Federal Circuit Patent Bulletin: NFC Tech., LLC v. Matal
“[C]orroboration of every factual issue contested by the parties [regarding conception] is not a requirement of the law.”
On September 20, 2017, in NFC Tech., LLC v. Matal, the U.S. Court of Appeals for the Federal Circuit (Newman, Lourie,* Hughes) reversed and remanded the U.S. Patent and Trademark Office Patent Trial and Appeal Board inter partes review decision that certain claims of U.S. Patent 6,700,551, which related to a near-field communication device, were invalid for obviousness under 35 U.S.C. § 103. The Federal Circuit stated:
NFC does not challenge the merits of the Board’s obviousness determination, and instead focuses on the inurement analysis. Specifically, it argues that (1) the Board should not have addressed the inurement issue at all because it was not raised by the parties; (2) the Board erred by evaluating the evidence using interference standards for determining priority of invention, rather than the 37 C.F.R. § 1.131 standard for antedating a reference; and (3) NFC provided sufficient evidence corroborating Charrat’s conception to establish inurement. Even assuming that the Board did not err in addressing the inurement issue or applying interference law, we determine that the Board’s conclusions and findings relating to Charrat’s conception are not supported; accordingly, we limit our analysis to that issue.
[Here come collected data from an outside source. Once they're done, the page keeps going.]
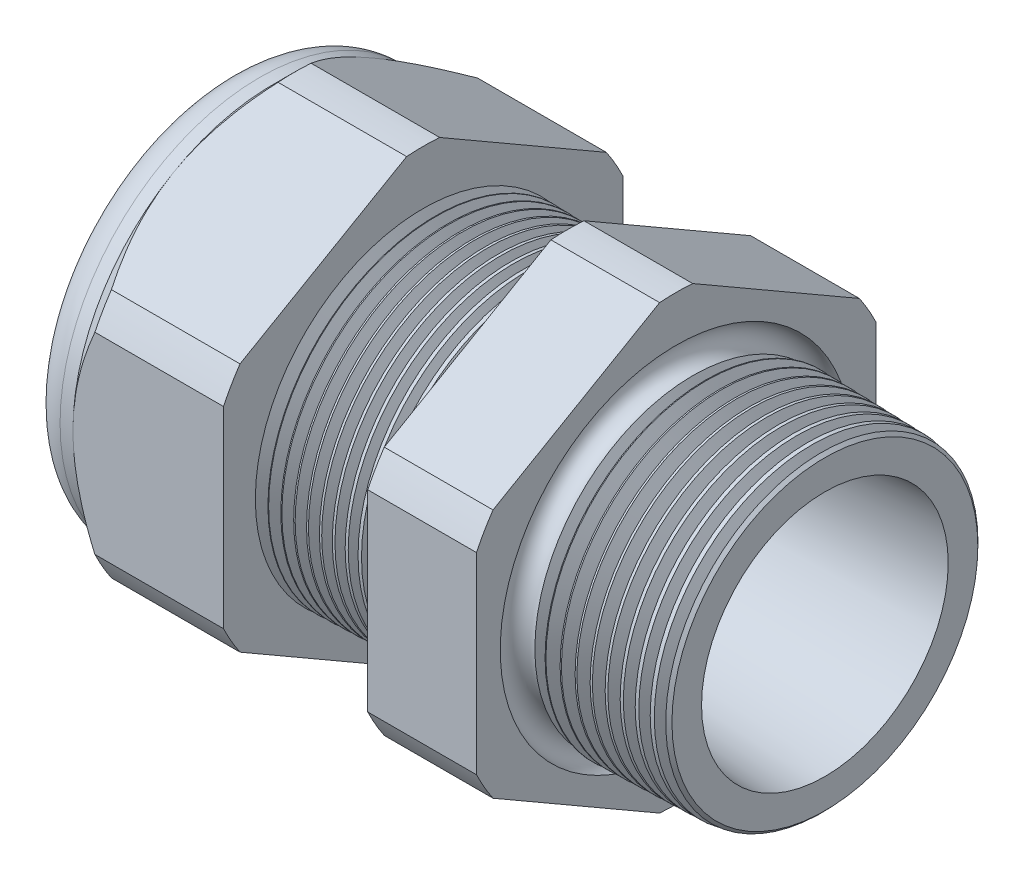
from build123d import *

# Parameters (mm, degrees)
SKETCH12_OUTSIDE_W = 65.04
SKETCH12_OUTSIDE_H = 65.04
CUT_EXTRUDE2_DEPTH = 34.014
FILLET4_R          = 2.032
SKETCH19_OUTSIDE_W = 39.986
SKETCH19_OUTSIDE_H = 42.612
SKETCH19_OUTSIDE_R = 11.938
CUT_EXTRUDE3_DEPTH = 1.999996
CUT_EXTRUDE3_DRAFT = -45
CHAMFER1_SIZE      = 0.260919487
CHAMFER1_SIZE2     = 0.254
SKETCH21_R         = 5.969
PLUG_DEPTH         = 6.35
SKETCH22_R         = 5.715
CUT_EXTRUDE4_DEPTH = 0.508
LPATTERN1_COUNT    = 11
LPATTERN1_PITCH    = 0.762
LPATTERN2_COUNT    = 10
LPATTERN2_PITCH    = 0.889
SKETCH32_R         = 0.889


with BuildPart() as part:
    # Sketch10 → Revolve2 (revolve)
    with BuildSketch(Plane.XY, mode=Mode.PRIVATE) as revolve2_sk:
        Polygon((-34.798, 5.969), (-22.998, 5.969), (1.016, 7.372171279), (1.016, 9.404171279), (-7.874, 9.636964122), (-7.874, 23.876), (-14.374, 23.876), (-14.374, 9.807172612), (-22.998, 10.033), (-22.998, 23.876), (-31.998, 23.876), (-31.998, 11.938), (-34.798, 11.938), align=None)
    revolve(revolve2_sk.sketch.rotate(Axis((0, 0, 0), (-1, 0, 0)), 90), axis=Axis((0, 0, 0), (-1, 0, 0)))  # turned: the seam where the file's is

    # Sketch12 outside → Cut-Extrude2 (cut, through all)
    with BuildSketch(Plane.ZY.offset(31.998)):
        Rectangle(SKETCH12_OUTSIDE_W, SKETCH12_OUTSIDE_H)
        with BuildLine():
            Line((-0.98819228, 13.214281948), (-10.94980772, 7.462940592))
            ThreePointArc((-10.94980772, 7.462940592), (-11.47585851, 6.62559), (-11.938, 5.751341356))
            Line((-11.938, 5.751341356), (-11.938, -5.751341356))
            ThreePointArc((-11.938, -5.751341356), (-11.47585851, -6.62559), (-10.94980772, -7.462940592))
            Line((-10.94980772, -7.462940592), (-0.98819228, -13.214281948))
            ThreePointArc((-0.98819228, -13.214281948), (0, -13.25118), (0.98819228, -13.214281948))
            Line((0.98819228, -13.214281948), (10.94980772, -7.462940592))
            ThreePointArc((10.94980772, -7.462940592), (11.47585851, -6.62559), (11.938, -5.751341356))
            Line((11.938, -5.751341356), (11.938, 5.751341356))
            ThreePointArc((11.938, 5.751341356), (11.47585851, 6.62559), (10.94980772, 7.462940592))
            Line((10.94980772, 7.462940592), (0.98819228, 13.214281948))
            ThreePointArc((0.98819228, 13.214281948), (0, 13.25118), (-0.98819228, 13.214281948))
        make_face(mode=Mode.SUBTRACT)
    extrude(amount=-CUT_EXTRUDE2_DEPTH, mode=Mode.SUBTRACT)

    # Fillet4
    fillet4_edges = [part.edges().sort_by_distance(p)[0] for p in [
        (-34.798, 0, 11.938),
    ]]
    fillet(fillet4_edges, radius=FILLET4_R)


with BuildPart() as cut_extrude3_tool:
    # Sketch19 outside → Cut-Extrude3 (with draft: the straight prism first)
    with BuildSketch(Plane.ZY.offset(31.998)):
        Rectangle(SKETCH19_OUTSIDE_W, SKETCH19_OUTSIDE_H)
        Circle(SKETCH19_OUTSIDE_R, mode=Mode.SUBTRACT)
    extrude(amount=-CUT_EXTRUDE3_DEPTH)
    # Cut-Extrude3: the draft: its side faces are tilted about the plane it starts from
    cut_extrude3_sides = [cut_extrude3_tool.faces().sort_by_distance(p)[0] for p in [
        (-30.998002, -21.306, 0),
        (-30.998002, 0, 19.993),
        (-30.998002, 21.306, 0),
        (-30.998002, 0, -19.993),
        (-30.998002, 0, -11.938),
    ]]
    draft(cut_extrude3_sides, Plane.ZY.offset(31.998), CUT_EXTRUDE3_DRAFT)


with BuildPart() as part_1:
    add(part.part)

    # Cut-Extrude3: cut by cut_extrude3_tool
    add(cut_extrude3_tool.part, mode=Mode.SUBTRACT)

    # Chamfer1
    chamfer1_edges = [part_1.edges().sort_by_distance(p)[0] for p in [
        (1.016, 0, 9.404171279),
    ]]
    chamfer1_side = [part_1.faces().sort_by_distance(p)[0] for p in [
        (1.016, 0, 7.638161411),
    ]]
    chamfer(chamfer1_edges, length=CHAMFER1_SIZE, length2=CHAMFER1_SIZE2, reference=chamfer1_side[0])

    # Sketch29 → Cut-Revolve1 (revolve, cut)
    with BuildSketch(Plane.XY, mode=Mode.PRIVATE) as cut_revolve1_sk:
        Polygon((-22.998, 10.033), (-22.265016419, 10.013806149), (-22.648130572, 9.388620673), align=None)
    cut_revolve1 = revolve(cut_revolve1_sk.sketch.rotate(Axis((0, 0, 0), (-1, 0, 0)), 90), axis=Axis((0, 0, 0), (-1, 0, 0)), mode=Mode.SUBTRACT)  # turned: the seam where the file's is

    # LPattern1: Cut-Revolve1 ×11
    with Locations(*[(i * LPATTERN1_PITCH, 0, 0) for i in range(1, LPATTERN1_COUNT)]):
        add(cut_revolve1, mode=Mode.SUBTRACT)

    # Sketch30 → Cut-Revolve2 (revolve, cut)
    with BuildSketch(Plane.XY, mode=Mode.PRIVATE) as cut_revolve2_sk:
        Polygon((-7.874, 9.636964122), (-6.994419703, 9.613931502), (-7.454156686, 8.86370893), align=None)
    cut_revolve2 = revolve(cut_revolve2_sk.sketch.rotate(Axis((0, 0, 0), (-1, 0, 0)), 270), axis=Axis((0, 0, 0), (-1, 0, 0)), mode=Mode.SUBTRACT)  # turned: the seam where the file's is

    # LPattern2: Cut-Revolve2 ×10
    with Locations(*[(i * LPATTERN2_PITCH, 0, 0) for i in range(1, LPATTERN2_COUNT)]):
        add(cut_revolve2, mode=Mode.SUBTRACT)

    # Sketch32 → Cut-Revolve3 (revolve, cut)
    with BuildSketch(Plane.XY, mode=Mode.PRIVATE) as cut_revolve3_sk:
        with Locations((-7.747, 9.636964122)):
            Circle(SKETCH32_R)
    revolve(cut_revolve3_sk.sketch.rotate(Axis((0, 0, 0), (-1, 0, 0)), 270), axis=Axis((0, 0, 0), (-1, 0, 0)), mode=Mode.SUBTRACT)  # turned: the seam where the file's is


with BuildPart() as body_2:
    # Sketch21 → plug (new body)
    with BuildSketch(Plane.ZY.offset(34.798)):
        Circle(SKETCH21_R)
    extrude(amount=-PLUG_DEPTH)

    # Sketch22 → Cut-Extrude4 (cut)
    with BuildSketch(Plane.ZY.offset(34.798)):
        Circle(SKETCH22_R)
    extrude(amount=-CUT_EXTRUDE4_DEPTH, mode=Mode.SUBTRACT)


solid = Compound([part_1.part, body_2.part])

Inurement is a question of law that we review de novo. Conception is a question of law based on subsidiary factual findings. “We have treated the sufficiency of corroboration as a question of fact.” We review the Board’s legal conclusions de novo, and its factual findings for substantial evidence. A finding is supported by substantial evidence if a reasonable mind might accept the evidence as sufficient to support the finding. “[A]n inventor’s testimony, standing alone, is insufficient to prove conception—some form of corroboration must be shown.” “There is no particular formula that an inventor must follow in providing corroboration of his testimony of conception.” Instead, corroboration “is determined by a ‘rule of reason’ analysis, in which ‘an evaluation of all pertinent evidence must be made so that a sound determination of the credibility of the inventor’s story may be reached.’” Under the rule of reason, the evidence “must be considered as a whole, not individually.” Thus, an inventor’s conception can be corroborated even though “no one piece of evidence in and of itself” establishes that fact, and even through circumstantial evidence. At bottom, the goal of the analysis is to determine “whether the inventor’s story is credible.” . . .
When taken “as a whole,” the documents corroborate Charrat’s account of conception. The data sheet was created by “BC,” with no other author listed. Although CE generated the PCB layout, that same document refers to INSIDE as its “client” and as providing the “concept.” When it came time to approve fabrication of the prototype, CE communicated only with Charrat, and he alone gave final approval for fabrication to begin. The initial data sheet, PCB layout, and cover sheet— which were all prepared before the creation of the prototype that the Board assumed embodied the claimed invention—all refer to the “M210H” device. Taken together, this independent documentary evidence corroborates Charrat’s account of product development and later fabrication of the prototype. . . . “[C]orroboration of every factual issue contested by the parties is not a requirement of the law.” On these facts, and particularly considering the amount of time that has passed, we determine that Charrat’s account was adequately corroborated. . . .
Indeed, the Board’s analysis raises the question of who, if not Charrat, designed the prototype. HTC did not allege that CE or another INSIDE employee made any inventive contribution to the design of the prototype. Yet the documentation establishes that a prototype was fabricated and later tested by INSIDE staff, and Charrat is the only source identified by the evidence for the design of the prototype. Indeed, there is no record evidence of any other INSIDE employee communicating with CE. Under the rule of reason, the totality of the evidence establishes the credibility of Charrat’s account. . . .
We note that the foregoing analysis assumes that conception is relevant under the present circumstances. Our cases that the Board read as establishing that proof of conception is relevant to inurement involved third-party recognition during testing that the invention would work for its intended purpose. Here, there is no evidence that CE did anything other than fabricate the prototype. Although NFC appears to recognize this distinction, NFC only uses it to argue that interference law should not be applied to this case. As NFC has not challenged whether and to what extent conception must be shown to establish inurement under interference law in the present circumstances, we leave that question for another day.
The determination that fabrication of the prototype inures to Charrat’s benefit does not resolve this case. As explained previously, the Board assumed, but did not decide, that the prototype embodied the claimed invention. That issue must be decided in order to determine whether Sears can be antedated. Thus, we remand the case for that determination in the first instance. Fortunately, whether the prototype embodied the claimed invention was a disputed issue between HTC and NFC during the initial IPR. Accordingly, the Board may decide the case on the briefing previously submitted.